►
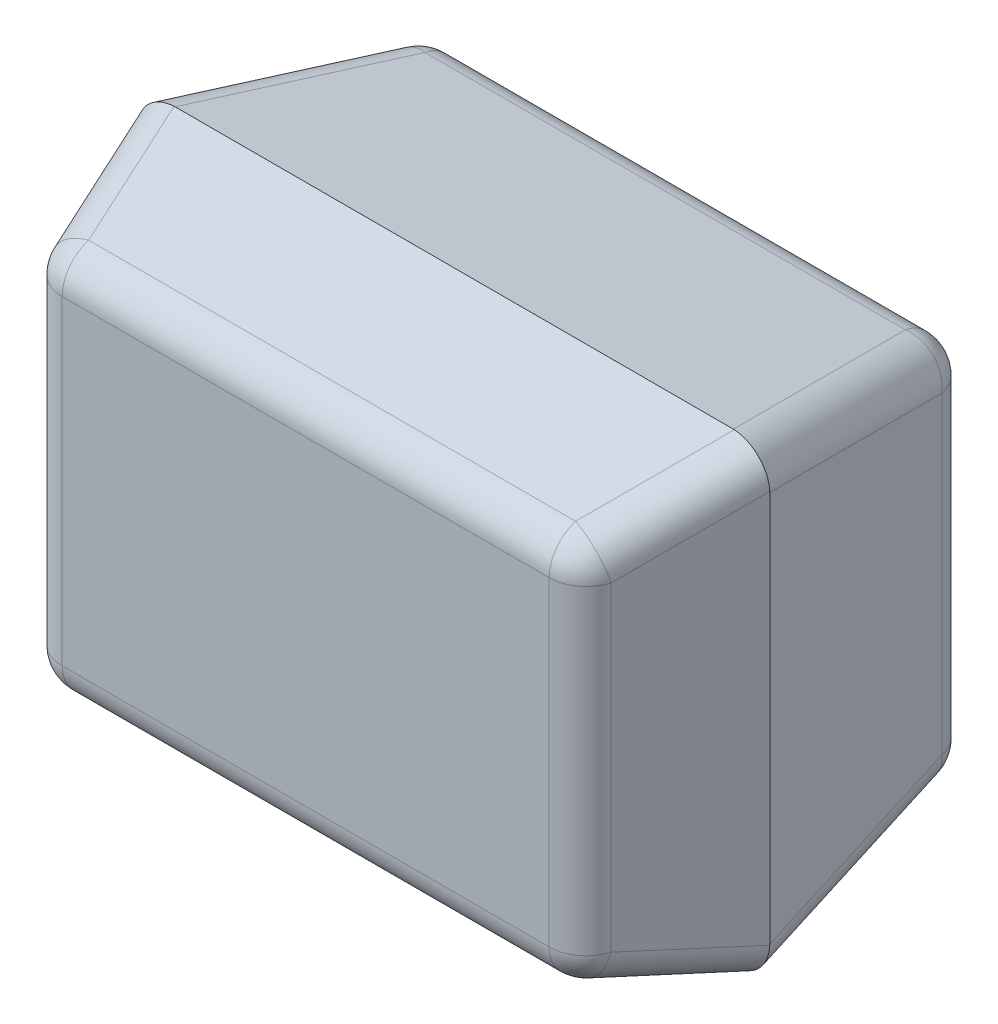
ISO-10303-21;
HEADER;
FILE_DESCRIPTION(('STEP AP214'),'2;1');
FILE_NAME('part.step','',(''),(''),'','','');
FILE_SCHEMA(('AUTOMOTIVE_DESIGN { 1 0 10303 214 1 1 1 1 }'));
ENDSEC;
DATA;
#1=APPLICATION_CONTEXT('core data for automotive mechanical design processes');
#2=APPLICATION_PROTOCOL_DEFINITION('international standard','automotive_design',2000,#1);
#3=PRODUCT_CONTEXT('',#1,'mechanical');
#4=PRODUCT('Part','Part','',(#3));
#5=PRODUCT_RELATED_PRODUCT_CATEGORY('part','',(#4));
#6=PRODUCT_DEFINITION_FORMATION('','',#4);
#7=PRODUCT_DEFINITION_CONTEXT('part definition',#1,'design');
#8=PRODUCT_DEFINITION('design','',#6,#7);
#9=PRODUCT_DEFINITION_SHAPE('','',#8);
#10=(LENGTH_UNIT() NAMED_UNIT(*) SI_UNIT(.MILLI.,.METRE.));
#11=(NAMED_UNIT(*) PLANE_ANGLE_UNIT() SI_UNIT($,.RADIAN.));
#12=(NAMED_UNIT(*) SI_UNIT($,.STERADIAN.) SOLID_ANGLE_UNIT());
#13=UNCERTAINTY_MEASURE_WITH_UNIT(LENGTH_MEASURE(1.E-05),#10,'distance_accuracy_value','');
#14=(GEOMETRIC_REPRESENTATION_CONTEXT(3) GLOBAL_UNCERTAINTY_ASSIGNED_CONTEXT((#13)) GLOBAL_UNIT_ASSIGNED_CONTEXT((#10,
#11,#12)) REPRESENTATION_CONTEXT('',''));
#15=CARTESIAN_POINT('',(0.,0.,0.));
#16=DIRECTION('',(0.,0.,1.));
#17=DIRECTION('',(1.,0.,0.));
#18=AXIS2_PLACEMENT_3D('',#15,#16,#17);
#19=CARTESIAN_POINT('',(0.,0.,0.));
#20=DIRECTION('',(0.,0.,1.));
#21=DIRECTION('',(1.,0.,0.));
#22=AXIS2_PLACEMENT_3D('',#19,#20,#21);
#23=PLANE('',#22);
#24=DIRECTION('',(0.,-1.,0.));
#25=VECTOR('',#24,1.);
#26=CARTESIAN_POINT('',(-0.646771674648,0.15625,0.));
#27=LINE('',#26,#25);
#28=CARTESIAN_POINT('',(-0.646771674648,0.421771674648,0.));
#29=VERTEX_POINT('',#28);
#30=CARTESIAN_POINT('',(-0.646771674648,-0.421771674648,0.));
#31=VERTEX_POINT('',#30);
#32=EDGE_CURVE('E265',#29,#31,#27,.T.);
#33=ORIENTED_EDGE('',*,*,#32,.F.);
#34=DIRECTION('',(-1.,0.,0.));
#35=VECTOR('',#34,1.);
#36=CARTESIAN_POINT('',(0.2125,0.421771674648,0.));
#37=LINE('',#36,#35);
#38=CARTESIAN_POINT('',(0.646771674648,0.421771674648,0.));
#39=VERTEX_POINT('',#38);
#40=EDGE_CURVE('E173',#39,#29,#37,.T.);
#41=ORIENTED_EDGE('',*,*,#40,.F.);
#42=DIRECTION('',(0.,1.,0.));
#43=VECTOR('',#42,1.);
#44=CARTESIAN_POINT('',(0.646771674648,-0.15625,0.));
#45=LINE('',#44,#43);
#46=CARTESIAN_POINT('',(0.646771674648,-0.421771674648,0.));
#47=VERTEX_POINT('',#46);
#48=EDGE_CURVE('E255',#47,#39,#45,.T.);
#49=ORIENTED_EDGE('',*,*,#48,.F.);
#50=DIRECTION('',(1.,0.,0.));
#51=VECTOR('',#50,1.);
#52=CARTESIAN_POINT('',(-0.2125,-0.421771674648,0.));
#53=LINE('',#52,#51);
#54=EDGE_CURVE('E261',#31,#47,#53,.T.);
#55=ORIENTED_EDGE('',*,*,#54,.F.);
#56=EDGE_LOOP('',(#33,#41,#49,#55));
#57=FACE_BOUND('',#56,.T.);
#58=ADVANCED_FACE('F17',(#57),#23,.F.);
#59=CARTESIAN_POINT('',(0.2125,0.421771674648,0.1));
#60=DIRECTION('',(-1.,0.,0.));
#61=DIRECTION('',(0.,-1.,0.));
#62=AXIS2_PLACEMENT_3D('',#59,#60,#61);
#63=CYLINDRICAL_SURFACE('',#62,0.1);
#64=CARTESIAN_POINT('',(0.646771674648,0.421771674648,0.1));
#65=DIRECTION('',(-1.,0.,0.));
#66=DIRECTION('',(0.,-1.,0.));
#67=AXIS2_PLACEMENT_3D('',#64,#65,#66);
#68=CIRCLE('',#67,0.1);
#69=CARTESIAN_POINT('',(0.646771674648,0.520109892686856,0.0818452520544166));
#70=VERTEX_POINT('',#69);
#71=EDGE_CURVE('E258',#39,#70,#68,.F.);
#72=ORIENTED_EDGE('',*,*,#71,.F.);
#73=ORIENTED_EDGE('',*,*,#40,.T.);
#74=CARTESIAN_POINT('',(-0.646771674648,0.421771674648,0.1));
#75=DIRECTION('',(-1.,0.,0.));
#76=DIRECTION('',(0.,-1.,0.));
#77=AXIS2_PLACEMENT_3D('',#74,#75,#76);
#78=CIRCLE('',#77,0.1);
#79=CARTESIAN_POINT('',(-0.646771674648072,0.52010989268686,0.0818452520544024));
#80=VERTEX_POINT('',#79);
#81=EDGE_CURVE('E20',#80,#29,#78,.T.);
#82=ORIENTED_EDGE('',*,*,#81,.F.);
#83=DIRECTION('',(1.,0.,0.));
#84=VECTOR('',#83,1.);
#85=CARTESIAN_POINT('',(0.425,0.52010989268698,0.0818452520543936));
#86=LINE('',#85,#84);
#87=EDGE_CURVE('E201',#70,#80,#86,.F.);
#88=ORIENTED_EDGE('',*,*,#87,.F.);
#89=EDGE_LOOP('',(#72,#73,#82,#88));
#90=FACE_BOUND('',#89,.T.);
#91=ADVANCED_FACE('F180',(#90),#63,.T.);
#92=CARTESIAN_POINT('',(-0.646771674648,0.421771674648,0.1));
#93=DIRECTION('',(-0.50498901887366,0.504989018873718,-0.699980129456528));
#94=DIRECTION('',(0.810982774092943,2.52992071736458E-13,-0.58507003010282));
#95=AXIS2_PLACEMENT_3D('',#92,#93,#94);
#96=SPHERICAL_SURFACE('',#95,0.1);
#97=CARTESIAN_POINT('',(-0.697270576535366,0.472270576535372,0.0300019870543472));
#98=VERTEX_POINT('',#97);
#99=VERTEX_LOOP('',#98);
#100=FACE_BOUND('',#99,.T.);
#101=CARTESIAN_POINT('',(-0.646771674648016,0.421771674648016,0.100000000000013));
#102=DIRECTION('',(0.178627606623071,-0.178627606623071,-0.967566202543385));
#103=DIRECTION('',(-0.983382180387285,0.,-0.181547479455786));
#104=AXIS2_PLACEMENT_3D('',#101,#102,#103);
#105=CIRCLE('',#104,0.1);
#106=CARTESIAN_POINT('',(-0.745109892686856,0.421771674648,0.0818452520544165));
#107=VERTEX_POINT('',#106);
#108=EDGE_CURVE('E184',#80,#107,#105,.F.);
#109=ORIENTED_EDGE('',*,*,#108,.F.);
#110=ORIENTED_EDGE('',*,*,#81,.T.);
#111=CARTESIAN_POINT('',(-0.646771674648,0.421771674648,0.1));
#112=DIRECTION('',(0.,-1.,0.));
#113=DIRECTION('',(1.,0.,0.));
#114=AXIS2_PLACEMENT_3D('',#111,#112,#113);
#115=CIRCLE('',#114,0.1);
#116=EDGE_CURVE('E188',#107,#29,#115,.T.);
#117=ORIENTED_EDGE('',*,*,#116,.F.);
#118=EDGE_LOOP('',(#109,#110,#117));
#119=FACE_BOUND('',#118,.T.);
#120=ADVANCED_FACE('F176',(#100,#119),#96,.T.);
#121=CARTESIAN_POINT('',(-0.646771674648,0.15625,0.1));
#122=DIRECTION('',(0.,-1.,0.));
#123=DIRECTION('',(1.,0.,0.));
#124=AXIS2_PLACEMENT_3D('',#121,#122,#123);
#125=CYLINDRICAL_SURFACE('',#124,0.1);
#126=ORIENTED_EDGE('',*,*,#116,.T.);
#127=ORIENTED_EDGE('',*,*,#32,.T.);
#128=CARTESIAN_POINT('',(-0.646771674648,-0.421771674648,0.1));
#129=DIRECTION('',(0.,-1.,0.));
#130=DIRECTION('',(1.,0.,0.));
#131=AXIS2_PLACEMENT_3D('',#128,#129,#130);
#132=CIRCLE('',#131,0.1);
#133=CARTESIAN_POINT('',(-0.745109892686856,-0.421771674648,0.0818452520544165));
#134=VERTEX_POINT('',#133);
#135=EDGE_CURVE('E267',#134,#31,#132,.T.);
#136=ORIENTED_EDGE('',*,*,#135,.F.);
#137=DIRECTION('',(0.,1.,0.));
#138=VECTOR('',#137,1.);
#139=CARTESIAN_POINT('',(-0.74510989268698,0.3125,0.0818452520543936));
#140=LINE('',#139,#138);
#141=EDGE_CURVE('E246',#107,#134,#140,.F.);
#142=ORIENTED_EDGE('',*,*,#141,.F.);
#143=EDGE_LOOP('',(#126,#127,#136,#142));
#144=FACE_BOUND('',#143,.T.);
#145=ADVANCED_FACE('F179',(#144),#125,.T.);
#146=CARTESIAN_POINT('',(-0.646771674648,-0.421771674648,0.1));
#147=DIRECTION('',(-0.50498901887366,-0.504989018873718,-0.699980129456528));
#148=DIRECTION('',(0.810982774092943,-2.52992071736458E-13,-0.58507003010282));
#149=AXIS2_PLACEMENT_3D('',#146,#147,#148);
#150=SPHERICAL_SURFACE('',#149,0.1);
#151=CARTESIAN_POINT('',(-0.697270576535366,-0.472270576535372,0.0300019870543472));
#152=VERTEX_POINT('',#151);
#153=VERTEX_LOOP('',#152);
#154=FACE_BOUND('',#153,.T.);
#155=CARTESIAN_POINT('',(-0.646771674648,-0.421771674648,0.1));
#156=DIRECTION('',(1.,0.,0.));
#157=DIRECTION('',(0.,1.,0.));
#158=AXIS2_PLACEMENT_3D('',#155,#156,#157);
#159=CIRCLE('',#158,0.1);
#160=CARTESIAN_POINT('',(-0.646771674648,-0.520109892686856,0.0818452520544166));
#161=VERTEX_POINT('',#160);
#162=EDGE_CURVE('E264',#161,#31,#159,.T.);
#163=ORIENTED_EDGE('',*,*,#162,.F.);
#164=CARTESIAN_POINT('',(-0.646771674648051,-0.421771674648051,0.0999999999999998));
#165=DIRECTION('',(-0.178627606623071,-0.178627606623071,0.967566202543385));
#166=DIRECTION('',(0.983382180387285,0.,0.181547479455786));
#167=AXIS2_PLACEMENT_3D('',#164,#165,#166);
#168=CIRCLE('',#167,0.1);
#169=EDGE_CURVE('E358',#134,#161,#168,.T.);
#170=ORIENTED_EDGE('',*,*,#169,.F.);
#171=ORIENTED_EDGE('',*,*,#135,.T.);
#172=EDGE_LOOP('',(#163,#170,#171));
#173=FACE_BOUND('',#172,.T.);
#174=ADVANCED_FACE('F248',(#154,#173),#150,.T.);
#175=CARTESIAN_POINT('',(-0.2125,-0.421771674648,0.1));
#176=DIRECTION('',(1.,0.,0.));
#177=DIRECTION('',(0.,1.,0.));
#178=AXIS2_PLACEMENT_3D('',#175,#176,#177);
#179=CYLINDRICAL_SURFACE('',#178,0.1);
#180=ORIENTED_EDGE('',*,*,#162,.T.);
#181=ORIENTED_EDGE('',*,*,#54,.T.);
#182=CARTESIAN_POINT('',(0.646771674648,-0.421771674648,0.1));
#183=DIRECTION('',(1.,0.,0.));
#184=DIRECTION('',(0.,1.,0.));
#185=AXIS2_PLACEMENT_3D('',#182,#183,#184);
#186=CIRCLE('',#185,0.1);
#187=CARTESIAN_POINT('',(0.646771674648072,-0.52010989268686,0.0818452520544024));
#188=VERTEX_POINT('',#187);
#189=EDGE_CURVE('E263',#188,#47,#186,.T.);
#190=ORIENTED_EDGE('',*,*,#189,.F.);
#191=DIRECTION('',(1.,0.,0.));
#192=VECTOR('',#191,1.);
#193=CARTESIAN_POINT('',(-0.425,-0.52010989268698,0.0818452520543936));
#194=LINE('',#193,#192);
#195=EDGE_CURVE('E239',#161,#188,#194,.T.);
#196=ORIENTED_EDGE('',*,*,#195,.F.);
#197=EDGE_LOOP('',(#180,#181,#190,#196));
#198=FACE_BOUND('',#197,.T.);
#199=ADVANCED_FACE('F234',(#198),#179,.T.);
#200=CARTESIAN_POINT('',(0.646771674648,-0.421771674648,0.1));
#201=DIRECTION('',(0.50498901887366,-0.504989018873718,-0.699980129456528));
#202=DIRECTION('',(0.810982774092943,2.52992071736458E-13,0.58507003010282));
#203=AXIS2_PLACEMENT_3D('',#200,#201,#202);
#204=SPHERICAL_SURFACE('',#203,0.1);
#205=CARTESIAN_POINT('',(0.697270576535366,-0.472270576535372,0.0300019870543472));
#206=VERTEX_POINT('',#205);
#207=VERTEX_LOOP('',#206);
#208=FACE_BOUND('',#207,.T.);
#209=CARTESIAN_POINT('',(0.646771674648016,-0.421771674648016,0.100000000000013));
#210=DIRECTION('',(-0.178627606623071,0.178627606623071,-0.967566202543385));
#211=DIRECTION('',(-0.983382180387285,0.,0.181547479455786));
#212=AXIS2_PLACEMENT_3D('',#209,#210,#211);
#213=CIRCLE('',#212,0.1);
#214=CARTESIAN_POINT('',(0.745109892686856,-0.421771674648,0.0818452520544165));
#215=VERTEX_POINT('',#214);
#216=EDGE_CURVE('E351',#188,#215,#213,.F.);
#217=ORIENTED_EDGE('',*,*,#216,.F.);
#218=ORIENTED_EDGE('',*,*,#189,.T.);
#219=CARTESIAN_POINT('',(0.646771674648,-0.421771674648,0.1));
#220=DIRECTION('',(0.,1.,0.));
#221=DIRECTION('',(-1.,0.,0.));
#222=AXIS2_PLACEMENT_3D('',#219,#220,#221);
#223=CIRCLE('',#222,0.1);
#224=EDGE_CURVE('E259',#215,#47,#223,.T.);
#225=ORIENTED_EDGE('',*,*,#224,.F.);
#226=EDGE_LOOP('',(#217,#218,#225));
#227=FACE_BOUND('',#226,.T.);
#228=ADVANCED_FACE('F230',(#208,#227),#204,.T.);
#229=CARTESIAN_POINT('',(0.646771674648,-0.15625,0.1));
#230=DIRECTION('',(0.,1.,0.));
#231=DIRECTION('',(-1.,0.,0.));
#232=AXIS2_PLACEMENT_3D('',#229,#230,#231);
#233=CYLINDRICAL_SURFACE('',#232,0.1);
#234=ORIENTED_EDGE('',*,*,#224,.T.);
#235=ORIENTED_EDGE('',*,*,#48,.T.);
#236=CARTESIAN_POINT('',(0.646771674648,0.421771674648,0.1));
#237=DIRECTION('',(0.,1.,0.));
#238=DIRECTION('',(-1.,0.,0.));
#239=AXIS2_PLACEMENT_3D('',#236,#237,#238);
#240=CIRCLE('',#239,0.1);
#241=CARTESIAN_POINT('',(0.745109892686856,0.421771674648,0.0818452520544166));
#242=VERTEX_POINT('',#241);
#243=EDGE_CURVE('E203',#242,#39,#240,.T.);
◄
- Problem
Working from the data above, extract solely the lines from the one containing "#11,#12)) REPRESENTATION_CONTEXT('',''));" through the one containing "#22=AXIS2_PLACEMENT_3D('',#19,#20,#21);", exactly as they appear, both included.

- Expected answer
#11,#12)) REPRESENTATION_CONTEXT('',''));
#15=CARTESIAN_POINT('',(0.,0.,0.));
#16=DIRECTION('',(0.,0.,1.));
#17=DIRECTION('',(1.,0.,0.));
#18=AXIS2_PLACEMENT_3D('',#15,#16,#17);
#19=CARTESIAN_POINT('',(0.,0.,0.));
#20=DIRECTION('',(0.,0.,1.));
#21=DIRECTION('',(1.,0.,0.));
#22=AXIS2_PLACEMENT_3D('',#19,#20,#21);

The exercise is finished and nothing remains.